TASK:
Retype, word for word, every line of the records below starting at the one that contains "Bus Selector1/1 -> FAULT_Data" and ending at the one that contains "Bus Selector1/2 -> FAULT_Data"; include both of those lines and nothing more.

━━ INPUT DATA ━━

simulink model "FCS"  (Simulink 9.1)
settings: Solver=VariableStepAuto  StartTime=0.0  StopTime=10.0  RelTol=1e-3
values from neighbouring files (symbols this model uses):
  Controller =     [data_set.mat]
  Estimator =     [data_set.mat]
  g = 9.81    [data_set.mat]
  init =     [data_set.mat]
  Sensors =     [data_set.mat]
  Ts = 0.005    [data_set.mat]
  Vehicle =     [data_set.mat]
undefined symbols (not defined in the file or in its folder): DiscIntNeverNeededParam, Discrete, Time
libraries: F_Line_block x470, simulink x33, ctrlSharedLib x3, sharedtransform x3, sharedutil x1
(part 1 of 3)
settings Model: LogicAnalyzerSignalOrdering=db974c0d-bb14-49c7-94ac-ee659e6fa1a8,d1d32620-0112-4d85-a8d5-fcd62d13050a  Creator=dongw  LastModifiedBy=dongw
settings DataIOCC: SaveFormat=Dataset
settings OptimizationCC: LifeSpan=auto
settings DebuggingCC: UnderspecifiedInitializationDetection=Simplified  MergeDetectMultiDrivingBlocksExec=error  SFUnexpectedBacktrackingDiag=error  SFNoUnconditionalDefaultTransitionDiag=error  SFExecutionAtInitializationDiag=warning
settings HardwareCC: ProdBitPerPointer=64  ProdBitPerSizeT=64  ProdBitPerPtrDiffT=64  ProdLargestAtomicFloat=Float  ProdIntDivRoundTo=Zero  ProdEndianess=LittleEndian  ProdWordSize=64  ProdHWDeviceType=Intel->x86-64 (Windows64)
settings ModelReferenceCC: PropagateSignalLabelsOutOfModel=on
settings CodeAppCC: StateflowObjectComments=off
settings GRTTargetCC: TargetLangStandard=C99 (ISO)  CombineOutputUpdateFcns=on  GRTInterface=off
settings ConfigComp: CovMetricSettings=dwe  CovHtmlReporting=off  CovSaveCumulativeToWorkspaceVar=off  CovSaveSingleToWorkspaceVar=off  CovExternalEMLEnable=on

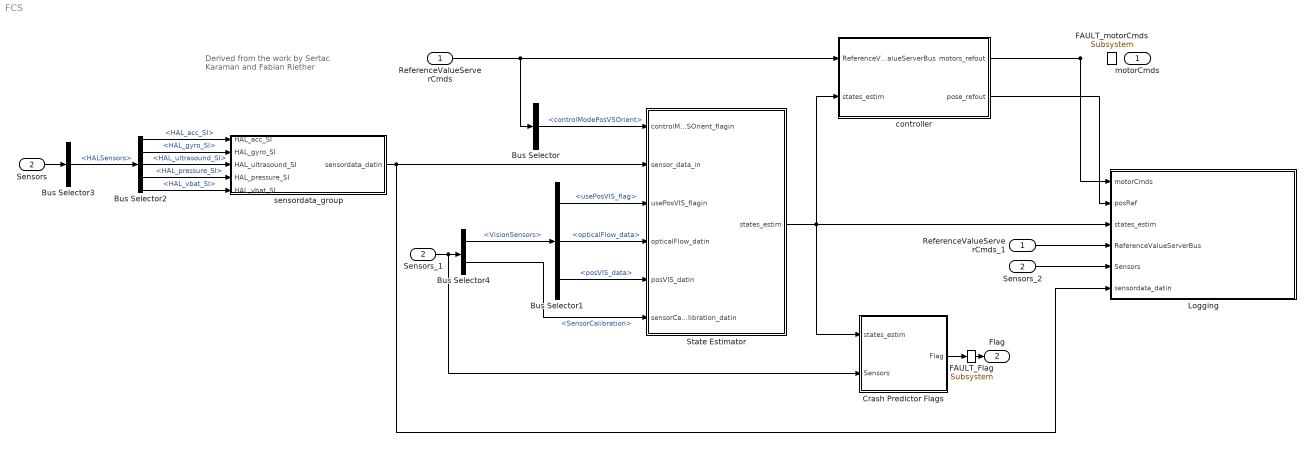
== system FCS ==
  note: Derived from the work by Sertac
      | Karaman and Fabian Riether
  ReferenceValueServerCmds : Inport  OutDataTypeStr=Bus: CommandBus
  Sensors : Inport  Port=2  OutDataTypeStr=Bus: SensorsBus  BusOutputAsStruct=on
  Bus Selector : BusSelector  OutputSignals=controlModePosVSOrient
  Bus Selector1 : BusSelector  OutputSignals=usePosVIS_flag,opticalFlow_data,posVIS_data
  Bus Selector2 : BusSelector  OutputSignals=HAL_acc_SI,HAL_gyro_SI,HAL_ultrasound_SI,HAL_pressure_SI,HAL_vbat_SI
  Bus Selector3 : BusSelector  OutputSignals=HALSensors
  Bus Selector4 : BusSelector  OutputSignals=VisionSensors,SensorCalibration
  Crash Predictor Flags : Subsystem
  Logging : Subsystem  TreatAsAtomicUnit=on
      settings: RTWFcnNameOpts=Use subsystem name
  ReferenceValueServerCmds_1 : InportShadow  OutDataTypeStr=Bus: CommandBus
  Sensors_1 : InportShadow  Port=2  OutDataTypeStr=Bus: SensorsBus  BusOutputAsStruct=on
  Sensors_2 : InportShadow  Port=2  OutDataTypeStr=Bus: SensorsBus  BusOutputAsStruct=on
  State Estimator : Subsystem
  controller : Subsystem
  sensordata_group : Subsystem
  motorCmds : Outport
  FAULT_motorCmds : F_Line_block/Subsystem
  Flag : Outport  Port=2
  FAULT_Flag : F_Line_block/Subsystem
  wires:
  sensordata_group/1(sensordata_datin) -> State Estimator/2(sensor_data_in), Logging/6(sensordata_datin)
  Bus Selector1/2 -> State Estimator/4(opticalFlow_datin)  "<opticalFlow_data>"
  Sensors_1/1 -> Crash Predictor Flags/2(Sensors), Bus Selector4/1
  Bus Selector2/3 -> sensordata_group/3(HAL_ultrasound_SI)  "<HAL_ultrasound_SI>"
  Bus Selector/1 -> State Estimator/1(controlModePosVSOrient_flagin)  "<controlModePosVSOrient>"
  Sensors/1 -> Bus Selector3/1
  Sensors_2/1 -> Logging/5(Sensors)
  Bus Selector2/2 -> sensordata_group/2(HAL_gyro_SI)  "<HAL_gyro_SI>"
  Bus Selector4/2 -> State Estimator/6(sensorCalibration_datin)  "<SensorCalibration>"
  Crash Predictor Flags/1(Flag) -> FAULT_Flag/1
  ?FAULT_Sum4_		DstPort			1/1 -> ?Sum4/dstport			1
  ?FAULT_Mux2_3/1 -> ?Mux2/3
  ?FAULT_pitch_roll_cmd/1 -> ?pitch_roll_cmd/1
  ?FAULT_Out Bus Element7/1 -> ?Out Bus Element7/1
  ?FAULT_Delay1/1 -> ?Delay1/1
  ?FAULT_Demux3/1 -> ?Demux3/1
  FAULT_Flag/1 -> Flag/1
  controller/1(motors_refout) -> ?FAULT_motorCmds_	DstPort			1/1, Logging/1(motorCmds)
  ?FAULT_motorCmds_	DstPort			1/1 -> motorCmds/dstport			1
  ?FAULT_Mux2_3/1 -> ?Mux2/3
  Bus Selector1/1 -> State Estimator/3(usePosVIS_flagin)  "<usePosVIS_flag>"
  Bus Selector1/3 -> State Estimator/5(posVIS_datin)  "<posVIS_data>"
  Bus Selector2/1 -> sensordata_group/1(HAL_acc_SI)  "<HAL_acc_SI>"
  controller/2(pose_refout) -> Logging/2(posRef)
  ReferenceValueServerCmds_1/1 -> Logging/4(ReferenceValueServerBus)
  Bus Selector4/1 -> Bus Selector1/1  "<VisionSensors>"
  State Estimator/1(states_estim) -> controller/2(states_estim), Crash Predictor Flags/1(states_estim), Logging/3(states_estim)
  Bus Selector2/5 -> sensordata_group/5(HAL_vbat_SI)  "<HAL_vbat_SI>"
  Bus Selector2/4 -> sensordata_group/4(HAL_pressure_SI)  "<HAL_pressure_SI>"
  Bus Selector3/1 -> Bus Selector2/1  "<HALSensors>"
  ReferenceValueServerCmds/1 -> controller/1(ReferenceValueServerBus), Bus Selector/1

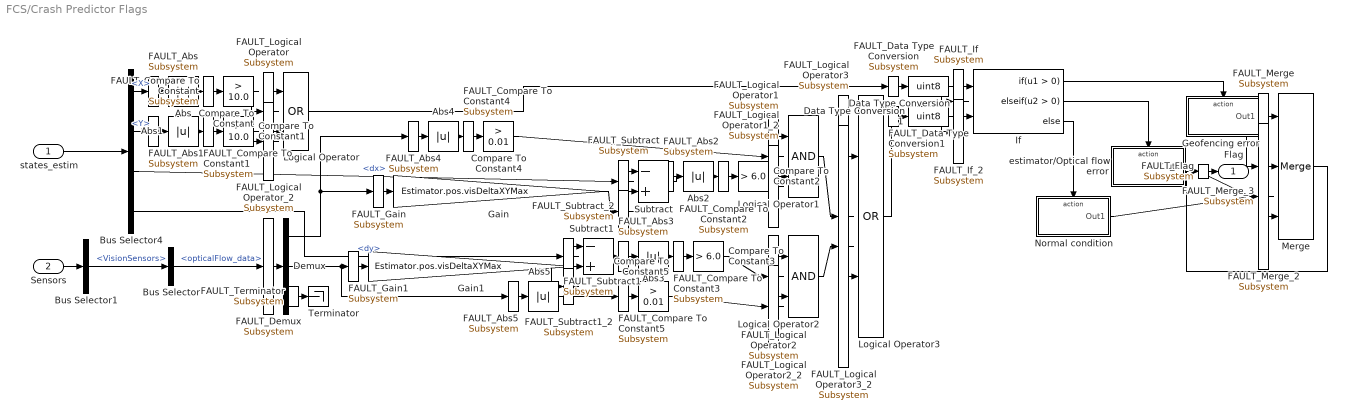
== system FCS/Crash Predictor Flags ==
  states_estim : Inport
  Sensors : Inport  Port=2
  Abs{,1..5} (6 alike) : Abs
  FAULT_Abs{,1..5} (6 alike) : F_Line_block/Subsystem
  Bus Selector : BusSelector  OutputSignals=opticalFlow_data
  Bus Selector1 : BusSelector  OutputSignals=VisionSensors
  Bus Selector4 : BusSelector  OutputSignals=X,Y,dx,dy
  Compare To Constant : simulink/Logic and Bit Operations/Compare To Constant  relop=>  const=10.0  OutDataTypeStr=boolean
  FAULT_Compare To Constant{,1..5} (6 alike) : F_Line_block/Subsystem
  Compare To Constant1 : simulink/Logic and Bit Operations/Compare To Constant  relop=>  const=10.0  OutDataTypeStr=boolean
  Compare To Constant2 : simulink/Logic and Bit Operations/Compare To Constant  relop=>  const=6.0  OutDataTypeStr=boolean
  Compare To Constant3 : simulink/Logic and Bit Operations/Compare To Constant  relop=>  const=6.0  OutDataTypeStr=boolean
  Compare To Constant4 : simulink/Logic and Bit Operations/Compare To Constant  relop=>  const=0.01  OutDataTypeStr=boolean
  Compare To Constant5 : simulink/Logic and Bit Operations/Compare To Constant  relop=>  const=0.01  OutDataTypeStr=boolean
  Data Type Conversion : DataTypeConversion  OutDataTypeStr=uint8  RndMeth=Nearest
  FAULT_Data Type Conversion : F_Line_block/Subsystem
  Data Type Conversion1 : DataTypeConversion  OutDataTypeStr=uint8  RndMeth=Nearest
  FAULT_Data Type Conversion1 : F_Line_block/Subsystem
  Demux : Demux  Outputs=3
  FAULT_Demux : F_Line_block/Subsystem
  Gain : Gain  Gain=Estimator.pos.visDeltaXYMax
  FAULT_Gain : F_Line_block/Subsystem
  Gain1 : Gain  Gain=Estimator.pos.visDeltaXYMax
  FAULT_Gain1 : F_Line_block/Subsystem
  Geofencing error : Subsystem  TreatAsAtomicUnit=on
  If : If  NumInputs=2  ElseIfExpressions=u2 > 0
  FAULT_If : F_Line_block/Subsystem
  FAULT_If_2 : F_Line_block/Subsystem
  Logical Operator : Logic  Operator=OR  AllPortsSameDT=off
  FAULT_Logical Operator{,1..3} (4 alike) : F_Line_block/Subsystem
  FAULT_Logical Operator_2 : F_Line_block/Subsystem
  Logical Operator1 : Logic  AllPortsSameDT=off  OutDataTypeStr=boolean
  FAULT_Logical Operator1_2 : F_Line_block/Subsystem
  Logical Operator2 : Logic  AllPortsSameDT=off  OutDataTypeStr=boolean
  FAULT_Logical Operator2_2 : F_Line_block/Subsystem
  Logical Operator3 : Logic  Operator=OR  AllPortsSameDT=off
  FAULT_Logical Operator3_2 : F_Line_block/Subsystem
  Merge : Merge  Inputs=3  InitialOutput=0
  FAULT_Merge : F_Line_block/Subsystem
  FAULT_Merge_2 : F_Line_block/Subsystem
  FAULT_Merge_3 : F_Line_block/Subsystem
  Normal condition : Subsystem  TreatAsAtomicUnit=on
  Subtract : Sum  Inputs=-+
  FAULT_Subtract : F_Line_block/Subsystem
  FAULT_Subtract_2 : F_Line_block/Subsystem
  Subtract1 : Sum  Inputs=-+
  FAULT_Subtract1 : F_Line_block/Subsystem
  FAULT_Subtract1_2 : F_Line_block/Subsystem
  Terminator : Terminator
  FAULT_Terminator : F_Line_block/Subsystem
  estimator/Optical flow error : Subsystem  TreatAsAtomicUnit=on
  Flag : Outport
  FAULT_Flag : F_Line_block/Subsystem
  wires:
  Bus Selector4/1 -> FAULT_Abs/1  "<X>"
  FAULT_Abs/1 -> Abs/1
  states_estim/1 -> Bus Selector4/1
  Bus Selector4/2 -> FAULT_Abs1/1  "<Y>"
  FAULT_Abs1/1 -> Abs1/1
  Compare To Constant/1 -> FAULT_Logical Operator/1
  FAULT_Logical Operator/1 -> Logical Operator/1
  Compare To Constant1/1 -> FAULT_Logical Operator_2/1
  FAULT_Logical Operator_2/1 -> Logical Operator/2
  Abs/1 -> FAULT_Compare To Constant/1
  FAULT_Compare To Constant/1 -> Compare To Constant/1
  Abs1/1 -> FAULT_Compare To Constant1/1
  FAULT_Compare To Constant1/1 -> Compare To Constant1/1
  Logical Operator/1 -> FAULT_Data Type Conversion/1
  FAULT_Data Type Conversion/1 -> Data Type Conversion/1
  Bus Selector/1 -> FAULT_Demux/1  "<opticalFlow_data>"
  FAULT_Demux/1 -> Demux/1
  Demux/1 -> FAULT_Abs4/1, FAULT_Gain/1
  FAULT_Abs4/1 -> Abs4/1
  FAULT_Gain/1 -> Gain/1
  Demux/2 -> FAULT_Gain1/1, FAULT_Abs5/1
  FAULT_Gain1/1 -> Gain1/1
  FAULT_Abs5/1 -> Abs5/1
  Bus Selector4/3 -> FAULT_Subtract/1  "<dx>"
  FAULT_Subtract/1 -> Subtract/1
  Subtract/1 -> FAULT_Abs2/1
  FAULT_Abs2/1 -> Abs2/1
  Subtract1/1 -> FAULT_Abs3/1
  FAULT_Abs3/1 -> Abs3/1
  Abs2/1 -> FAULT_Compare To Constant2/1
  FAULT_Compare To Constant2/1 -> Compare To Constant2/1
  Abs3/1 -> FAULT_Compare To Constant3/1
  FAULT_Compare To Constant3/1 -> Compare To Constant3/1
  Compare To Constant5/1 -> FAULT_Logical Operator2_2/1
  FAULT_Logical Operator2_2/1 -> Logical Operator2/2
  Abs4/1 -> FAULT_Compare To Constant4/1
  FAULT_Compare To Constant4/1 -> Compare To Constant4/1
  Abs5/1 -> FAULT_Compare To Constant5/1
  FAULT_Compare To Constant5/1 -> Compare To Constant5/1
  Compare To Constant3/1 -> FAULT_Logical Operator2/1
  FAULT_Logical Operator2/1 -> Logical Operator2/1
  Logical Operator1/1 -> FAULT_Logical Operator3/1
  FAULT_Logical Operator3/1 -> Logical Operator3/1
  Logical Operator2/1 -> FAULT_Logical Operator3_2/1
  FAULT_Logical Operator3_2/1 -> Logical Operator3/2
  Logical Operator3/1 -> FAULT_Data Type Conversion1/1
  FAULT_Data Type Conversion1/1 -> Data Type Conversion1/1
  Demux/3 -> FAULT_Terminator/1
  FAULT_Terminator/1 -> Terminator/1
  Gain/1 -> FAULT_Subtract_2/1
  FAULT_Subtract_2/1 -> Subtract/2
  Bus Selector4/4 -> FAULT_Subtract1/1  "<dy>"
  FAULT_Subtract1/1 -> Subtract1/1
  Gain1/1 -> FAULT_Subtract1_2/1
  FAULT_Subtract1_2/1 -> Subtract1/2
  Compare To Constant4/1 -> FAULT_Logical Operator1/1
  FAULT_Logical Operator1/1 -> Logical Operator1/1
  Compare To Constant2/1 -> FAULT_Logical Operator1_2/1
  FAULT_Logical Operator1_2/1 -> Logical Operator1/2
  Sensors/1 -> Bus Selector1/1
  Bus Selector1/1 -> Bus Selector/1  "<VisionSensors>"
  Merge/1 -> FAULT_Flag/1
  FAULT_Flag/1 -> Flag/1
  If/1 -> Geofencing error/Action
  If/2 -> estimator/Optical flow error/Action
  If/3 -> Normal condition/Action
  Geofencing error/1(Out1) -> FAULT_Merge/1
  FAULT_Merge/1 -> Merge/1
  estimator/Optical flow error/1(Out1) -> FAULT_Merge_2/1
  FAULT_Merge_2/1 -> Merge/2
  Normal condition/1(Out1) -> FAULT_Merge_3/1
  FAULT_Merge_3/1 -> Merge/3
  Data Type Conversion/1 -> FAULT_If/1
  FAULT_If/1 -> If/1
  Data Type Conversion1/1 -> FAULT_If_2/1
  FAULT_If_2/1 -> If/2

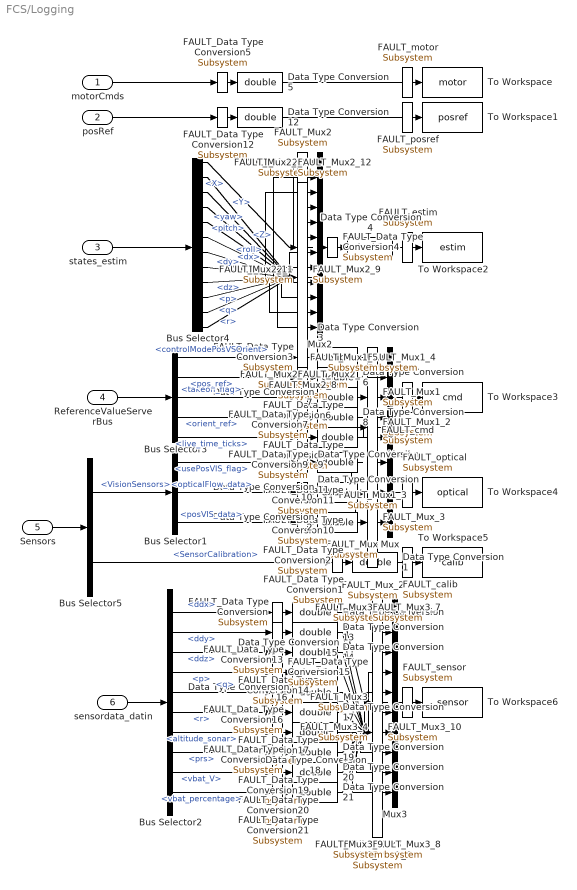
== system FCS/Logging ==
  motorCmds : Inport
  posRef : Inport  Port=2
  states_estim : Inport  Port=3  OutDataTypeStr=Bus: statesEstim_t  BusOutputAsStruct=on
  ReferenceValueServerBus : Inport  Port=4  OutDataTypeStr=Bus: CommandBus  BusOutputAsStruct=on
  Sensors : Inport  Port=5  OutDataTypeStr=Bus: SensorsBus
  sensordata_datin : Inport  Port=6  OutDataTypeStr=Bus: sensordata_t
  Bus Selector1 : BusSelector  OutputSignals=usePosVIS_flag,opticalFlow_data,posVIS_data
  Bus Selector2 : BusSelector  OutputSignals=ddx,ddy,ddz,p,q,r,altitude_sonar,prs,vbat_V,vbat_percentage
  Bus Selector3 : BusSelector  OutputSignals=controlModePosVSOrient,pos_ref,takeoff_flag,orient_ref,live_time_ticks
  Bus Selector4 : BusSelector  OutputSignals=X,Y,Z,yaw,pitch,roll,dx,dy,dz,p,q,r
  Bus Selector5 : BusSelector  OutputSignals=VisionSensors,SensorCalibration
  Data Type Conversion{,1..21} (22 alike) : DataTypeConversion  OutDataTypeStr=double
  FAULT_Data Type Conversion{,1..21} (22 alike) : F_Line_block/Subsystem
  Mux : Mux  Inputs=3
  FAULT_Mux{,1..3} (4 alike) : F_Line_block/Subsystem
  FAULT_Mux_2 : F_Line_block/Subsystem
  FAULT_Mux_3 : F_Line_block/Subsystem
  Mux1 : Mux  Inputs=5
  FAULT_Mux1_{2..5} (4 alike) : F_Line_block/Subsystem
  Mux2 : Mux  Inputs=12
  FAULT_Mux2_{2..12} (11 alike) : F_Line_block/Subsystem
  Mux3 : Mux  Inputs=10
  FAULT_Mux3_{2..10} (9 alike) : F_Line_block/Subsystem
  To Workspace : ToWorkspace  VariableName=motor  SaveFormat=Structure With Time  SampleTime=-1
  FAULT_motor : F_Line_block/Subsystem
  To Workspace1 : ToWorkspace  VariableName=posref  SaveFormat=Structure With Time  SampleTime=-1
  FAULT_posref : F_Line_block/Subsystem
  To Workspace2 : ToWorkspace  VariableName=estim  SaveFormat=Structure With Time  SampleTime=-1
  FAULT_estim : F_Line_block/Subsystem
  To Workspace3 : ToWorkspace  VariableName=cmd  SaveFormat=Structure With Time  SampleTime=-1
  FAULT_cmd : F_Line_block/Subsystem
  To Workspace4 : ToWorkspace  VariableName=optical  SaveFormat=Structure With Time  SampleTime=-1
  FAULT_optical : F_Line_block/Subsystem
  To Workspace5 : ToWorkspace  VariableName=calib  SaveFormat=Structure With Time  SampleTime=-1
  FAULT_calib : F_Line_block/Subsystem
  To Workspace6 : ToWorkspace  VariableName=sensor  SaveFormat=Structure With Time  SampleTime=-1
  FAULT_sensor : F_Line_block/Subsystem
  wires:
  Bus Selector3/1 -> FAULT_Data Type Conversion3/1  "<controlModePosVSOrient>"
  FAULT_Data Type Conversion3/1 -> Data Type Conversion3/1
  Bus Selector3/3 -> FAULT_Data Type Conversion7/1  "<takeoff_flag>"
  FAULT_Data Type Conversion7/1 -> Data Type Conversion7/1
  Bus Selector3/4 -> FAULT_Data Type Conversion8/1  "<orient_ref>"
  FAULT_Data Type Conversion8/1 -> Data Type Conversion8/1
  Bus Selector3/5 -> FAULT_Data Type Conversion9/1  "<live_time_ticks>"
  FAULT_Data Type Conversion9/1 -> Data Type Conversion9/1
  ReferenceValueServerBus/1 -> Bus Selector3/1
  Bus Selector3/2 -> FAULT_Data Type Conversion6/1  "<pos_ref>"
  FAULT_Data Type Conversion6/1 -> Data Type Conversion6/1
  sensordata_datin/1 -> Bus Selector2/1
  Bus Selector2/1 -> FAULT_Data Type Conversion/1  "<ddx>"
  FAULT_Data Type Conversion/1 -> Data Type Conversion/1
  Sensors/1 -> Bus Selector5/1
  Bus Selector1/1 -> FAULT_Data Type Conversion11/1  "<usePosVIS_flag>"
  FAULT_Data Type Conversion11/1 -> Data Type Conversion11/1
  Bus Selector1/2 -> FAULT_Data Type Conversion10/1  "<opticalFlow_data>"
  FAULT_Data Type Conversion10/1 -> Data Type Conversion10/1
  Bus Selector1/3 -> FAULT_Data Type Conversion2/1  "<posVIS_data>"
  FAULT_Data Type Conversion2/1 -> Data Type Conversion2/1
  Data Type Conversion1/1 -> To Workspace5/1
  Bus Selector5/2 -> FAULT_Data Type Conversion1/1  "<SensorCalibration>"
  FAULT_Data Type Conversion1/1 -> Data Type Conversion1/1
  Mux/1 -> To Workspace4/1
  Data Type Conversion4/1 -> To Workspace2/1
  motorCmds/1 -> FAULT_Data Type Conversion5/1
  FAULT_Data Type Conversion5/1 -> Data Type Conversion5/1
  Data Type Conversion5/1 -> To Workspace/1
  Mux1/1 -> To Workspace3/1
  states_estim/1 -> Bus Selector4/1
  Mux2/1 -> FAULT_Data Type Conversion4/1
  FAULT_Data Type Conversion4/1 -> Data Type Conversion4/1
  Bus Selector4/4 -> FAULT_Mux2_4/1  "<yaw>"
  FAULT_Mux2_4/1 -> Mux2/4
  Bus Selector4/6 -> FAULT_Mux2_6/1  "<roll>"
  FAULT_Mux2_6/1 -> Mux2/6
  Bus Selector4/5 -> FAULT_Mux2_5/1  "<pitch>"
  FAULT_Mux2_5/1 -> Mux2/5
  Bus Selector4/9 -> FAULT_Mux2_9/1  "<dz>"
  FAULT_Mux2_9/1 -> Mux2/9
  Bus Selector4/7 -> FAULT_Mux2_7/1  "<dx>"
  FAULT_Mux2_7/1 -> Mux2/7
  Bus Selector4/8 -> FAULT_Mux2_8/1  "<dy>"
  FAULT_Mux2_8/1 -> Mux2/8
  Bus Selector4/10 -> FAULT_Mux2_10/1  "<p>"
  FAULT_Mux2_10/1 -> Mux2/10
  Bus Selector4/12 -> FAULT_Mux2_12/1  "<r>"
  FAULT_Mux2_12/1 -> Mux2/12
  Bus Selector4/2 -> FAULT_Mux2_2/1  "<Y>"
  FAULT_Mux2_2/1 -> Mux2/2
  Bus Selector4/11 -> FAULT_Mux2_11/1  "<q>"
  FAULT_Mux2_11/1 -> Mux2/11
  Bus Selector4/3 -> FAULT_Mux2_3/1  "<Z>"
  FAULT_Mux2_3/1 -> Mux2/3
  Bus Selector4/1 -> FAULT_Mux2/1  "<X>"
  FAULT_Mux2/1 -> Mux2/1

━━━

SOLUTION TO THE EXERCISE:
  Bus Selector1/1 -> FAULT_Data Type Conversion11/1  "<usePosVIS_flag>"
  FAULT_Data Type Conversion11/1 -> Data Type Conversion11/1
  Bus Selector1/2 -> FAULT_Data Type Conversion10/1  "<opticalFlow_data>"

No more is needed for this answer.